Ignition is likely. How does it shut off? Does it sputter and choke until it dies, or does it shut off like you've turned the key off?


----------



## gr1028 (Dec 15, 2007)

shuts off fine. there is a hesistation when I start it ...like the battery is dead for a second or so and then kicks in.


----------



## oscaryu1 (Jul 24, 2007)

Does it use a coil? If so, see if the insulation is burnt/gone. If it is, most likely when it gets hot, water seeps in there... Thus it stops, until the water has evaporated...

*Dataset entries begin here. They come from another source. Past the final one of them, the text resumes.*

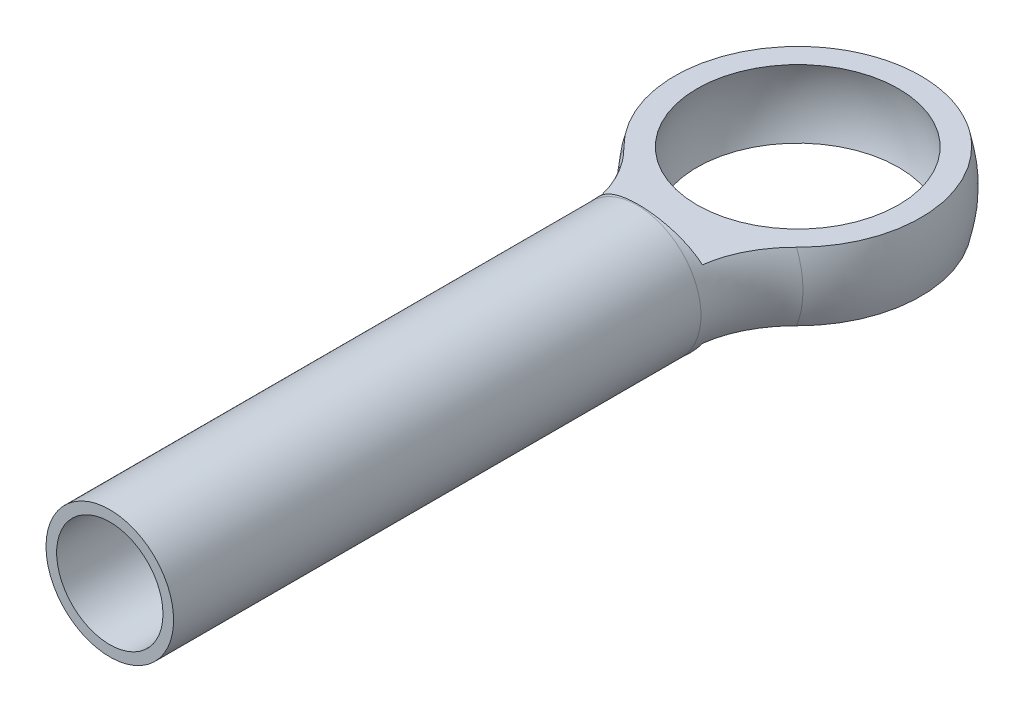
ISO-10303-21;
HEADER;
FILE_DESCRIPTION(('STEP AP214'),'2;1');
FILE_NAME('part.step','',(''),(''),'','','');
FILE_SCHEMA(('AUTOMOTIVE_DESIGN { 1 0 10303 214 1 1 1 1 }'));
ENDSEC;
DATA;
#1=APPLICATION_CONTEXT('core data for automotive mechanical design processes');
#2=APPLICATION_PROTOCOL_DEFINITION('international standard','automotive_design',2000,#1);
#3=PRODUCT_CONTEXT('',#1,'mechanical');
#4=PRODUCT('Part','Part','',(#3));
#5=PRODUCT_RELATED_PRODUCT_CATEGORY('part','',(#4));
#6=PRODUCT_DEFINITION_FORMATION('','',#4);
#7=PRODUCT_DEFINITION_CONTEXT('part definition',#1,'design');
#8=PRODUCT_DEFINITION('design','',#6,#7);
#9=PRODUCT_DEFINITION_SHAPE('','',#8);
#10=(LENGTH_UNIT() NAMED_UNIT(*) SI_UNIT(.MILLI.,.METRE.));
#11=(NAMED_UNIT(*) PLANE_ANGLE_UNIT() SI_UNIT($,.RADIAN.));
#12=(NAMED_UNIT(*) SI_UNIT($,.STERADIAN.) SOLID_ANGLE_UNIT());
#13=UNCERTAINTY_MEASURE_WITH_UNIT(LENGTH_MEASURE(1.E-05),#10,'distance_accuracy_value','');
#14=(GEOMETRIC_REPRESENTATION_CONTEXT(3) GLOBAL_UNCERTAINTY_ASSIGNED_CONTEXT((#13)) GLOBAL_UNIT_ASSIGNED_CONTEXT((#10,
#11,#12)) REPRESENTATION_CONTEXT('',''));
#15=CARTESIAN_POINT('',(0.,0.,0.));
#16=DIRECTION('',(0.,0.,1.));
#17=DIRECTION('',(1.,0.,0.));
#18=AXIS2_PLACEMENT_3D('',#15,#16,#17);
#19=CARTESIAN_POINT('',(0.,0.,4.79414486639693));
#20=DIRECTION('',(0.,0.,-1.));
#21=DIRECTION('',(-1.,0.,0.));
#22=AXIS2_PLACEMENT_3D('',#19,#20,#21);
#23=TOROIDAL_SURFACE('',#22,5.08,3.175);
#24=CARTESIAN_POINT('',(0.,0.,4.79414486639693));
#25=DIRECTION('',(0.,0.,-1.));
#26=DIRECTION('',(-1.,0.,0.));
#27=AXIS2_PLACEMENT_3D('',#24,#25,#26);
#28=CIRCLE('',#27,1.905);
#29=CARTESIAN_POINT('',(-1.905,0.,4.79414486639693));
#30=VERTEX_POINT('',#29);
#31=EDGE_CURVE('E167',#30,#30,#28,.T.);
#32=ORIENTED_EDGE('',*,*,#31,.T.);
#33=EDGE_LOOP('',(#32));
#34=FACE_BOUND('',#33,.T.);
#35=CARTESIAN_POINT('',(0.,0.,2.61498810894378));
#36=DIRECTION('',(0.,0.,-1.));
#37=DIRECTION('',(-1.,0.,0.));
#38=AXIS2_PLACEMENT_3D('',#35,#36,#37);
#39=CIRCLE('',#38,2.77090909090909);
#40=CARTESIAN_POINT('',(-2.57792187431711,-1.016,2.61498810894378));
#41=VERTEX_POINT('',#40);
#42=CARTESIAN_POINT('',(-2.57792187431711,1.016,2.61498810894378));
#43=VERTEX_POINT('',#42);
#44=EDGE_CURVE('E112',#41,#43,#39,.T.);
#45=ORIENTED_EDGE('',*,*,#44,.F.);
#46=CARTESIAN_POINT('',(-2.11639406325257,-1.016,3.17711222518834));
#47=CARTESIAN_POINT('',(-2.01819716090534,-1.016,3.32668512273117));
#48=CARTESIAN_POINT('',(-1.93188686392438,-1.016,3.48417566693142));
#49=CARTESIAN_POINT('',(-1.78741547256896,-1.016,3.81181443928026));
#50=CARTESIAN_POINT('',(-1.72924928215958,-1.016,3.98196036948447));
#51=CARTESIAN_POINT('',(-1.66707849415592,-1.016,4.24143794402896));
#52=CARTESIAN_POINT('',(-1.65057154766357,-1.016,4.3278934820574));
#53=CARTESIAN_POINT('',(-1.62593046187099,-1.016,4.50201596606918));
#54=CARTESIAN_POINT('',(-1.6177960518731,-1.016,4.58968287279413));
#55=CARTESIAN_POINT('',(-1.61016898722803,-1.016,4.76532270648893));
#56=CARTESIAN_POINT('',(-1.61066936125318,-1.016,4.85329532926592));
#57=CARTESIAN_POINT('',(-1.62026287922338,-1.016,5.02874372374261));
#58=CARTESIAN_POINT('',(-1.62935543807155,-1.016,5.11621952886576));
#59=CARTESIAN_POINT('',(-1.66573097291168,-1.016,5.35428529015057));
#60=CARTESIAN_POINT('',(-1.70149811771134,-1.016,5.50364503883666));
#61=CARTESIAN_POINT('',(-1.79568570338797,-1.016,5.79496150703005));
#62=CARTESIAN_POINT('',(-1.85412212587819,-1.016,5.93691292345928));
#63=CARTESIAN_POINT('',(-1.99615149145866,-1.016,6.22199612861055));
#64=CARTESIAN_POINT('',(-2.08138794932638,-1.016,6.3643070437128));
#65=CARTESIAN_POINT('',(-2.271621500792,-1.016,6.63499174081512));
#66=CARTESIAN_POINT('',(-2.3766241082396,-1.016,6.76336161811022));
#67=CARTESIAN_POINT('',(-2.62006966669461,-1.016,7.02122145850842));
#68=CARTESIAN_POINT('',(-2.76114843681511,-1.016,7.14823549674076));
#69=CARTESIAN_POINT('',(-3.06196174697499,-1.016,7.37788491782393));
#70=CARTESIAN_POINT('',(-3.22170200204164,-1.016,7.48051280313634));
#71=CARTESIAN_POINT('',(-3.56229345852077,-1.016,7.66179465288261));
#72=CARTESIAN_POINT('',(-3.7437217643592,-1.016,7.73936948189852));
#73=CARTESIAN_POINT('',(-4.11724555414776,-1.016,7.86209281213687));
#74=CARTESIAN_POINT('',(-4.30933998756276,-1.016,7.90724450071854));
#75=CARTESIAN_POINT('',(-4.6937056137791,-1.016,7.96250288114457));
#76=CARTESIAN_POINT('',(-4.88585680148168,-1.016,7.97344233823646));
#77=CARTESIAN_POINT('',(-5.26914986376476,-1.016,7.96181217042673));
#78=CARTESIAN_POINT('',(-5.46029189497378,-1.016,7.93924790873082));
#79=CARTESIAN_POINT('',(-5.82982838871286,-1.016,7.86212809875772));
#80=CARTESIAN_POINT('',(-6.00843430131685,-1.016,7.80858459658834));
#81=CARTESIAN_POINT('',(-6.35379442307676,-1.016,7.67160809414254));
#82=CARTESIAN_POINT('',(-6.52055016645232,-1.016,7.58817897158223));
#83=CARTESIAN_POINT('',(-6.83366291311807,-1.016,7.39584200339504));
#84=CARTESIAN_POINT('',(-6.98038453429255,-1.016,7.28752741341682));
#85=CARTESIAN_POINT('',(-7.2532430682936,-1.016,7.04749553975603));
#86=CARTESIAN_POINT('',(-7.37938160986425,-1.016,6.91578010951216));
#87=CARTESIAN_POINT('',(-7.60575147823301,-1.016,6.63462024822823));
#88=CARTESIAN_POINT('',(-7.70630702122059,-1.016,6.48543676199083));
#89=CARTESIAN_POINT('',(-7.88072005503297,-1.016,6.17220332199417));
#90=CARTESIAN_POINT('',(-7.95457878655562,-1.016,6.00815405954482));
#91=CARTESIAN_POINT('',(-8.07295352274553,-1.016,5.67119628180054));
#92=CARTESIAN_POINT('',(-8.11768842717549,-1.016,5.49836463713633));
#93=CARTESIAN_POINT('',(-8.1773946573953,-1.016,5.14763525875114));
#94=CARTESIAN_POINT('',(-8.19236670573436,-1.016,4.96973764812234));
#95=CARTESIAN_POINT('',(-8.19210875395223,-1.016,4.61458668442078));
#96=CARTESIAN_POINT('',(-8.17698372829121,-1.016,4.43733324478239));
#97=CARTESIAN_POINT('',(-8.11718427673769,-1.016,4.08788497304409));
#98=CARTESIAN_POINT('',(-8.07251006642738,-1.016,3.91569010404791));
#99=CARTESIAN_POINT('',(-7.95492218770949,-1.016,3.58125485930708));
#100=CARTESIAN_POINT('',(-7.88201188696208,-1.016,3.41901329912399));
#101=CARTESIAN_POINT('',(-7.71007058543719,-1.016,3.10902271643093));
#102=CARTESIAN_POINT('',(-7.61103941175251,-1.016,2.96127378986388));
#103=CARTESIAN_POINT('',(-7.38936271760162,-1.016,2.68393076268308));
#104=CARTESIAN_POINT('',(-7.26664284006675,-1.016,2.55439610860047));
#105=CARTESIAN_POINT('',(-7.00133411304025,-1.016,2.31759694362383));
#106=CARTESIAN_POINT('',(-6.85874481170221,-1.016,2.21033293932016));
#107=CARTESIAN_POINT('',(-6.55668941711582,-1.016,2.02025635009704));
#108=CARTESIAN_POINT('',(-6.39711041360098,-1.016,1.93762325495));
#109=CARTESIAN_POINT('',(-6.06646930327787,-1.016,1.79995712830491));
#110=CARTESIAN_POINT('',(-5.89540660669587,-1.016,1.74492551558136));
#111=CARTESIAN_POINT('',(-5.54439584557427,-1.016,1.66321797169981));
#112=CARTESIAN_POINT('',(-5.36436361647442,-1.016,1.63690396446558));
#113=CARTESIAN_POINT('',(-5.00244593035228,-1.016,1.61425548736475));
#114=CARTESIAN_POINT('',(-4.82056043661046,-1.016,1.6179216126655));
#115=CARTESIAN_POINT('',(-4.45623884446279,-1.016,1.65510126867774));
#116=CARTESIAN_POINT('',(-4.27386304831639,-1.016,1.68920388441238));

Check spark right after it stops.


----------



## K-B (Oct 24, 2005)

gr1028 said:


> shuts off fine. there is a hesistation when I start it ...like the battery is dead for a second or so and then kicks in.


Actually, I meant when it quits on you, how does it die? Sputtering or quickly?


----------



## gr1028 (Dec 15, 2007)

it shuts off quickly when I turn it off..but, when it gets to the point where it shuts itself off, it sometimes backfires and shuits off rough. of course, it's going full throttle then though.


----------



## les warren (Dec 27, 2007)

You almost certainly have an exhaust valve sticking when the engine gets hot
cure is strip head and clean valve stems


----------



## Basementgeek (Feb 7, 2005)

Are you sure that the fins on the engine are fairly clean? Clogged fins/fan will cause the engine to over heat.

Any way you can spin the engine, by hand, when it dies? Possible bad piston.

BG


----------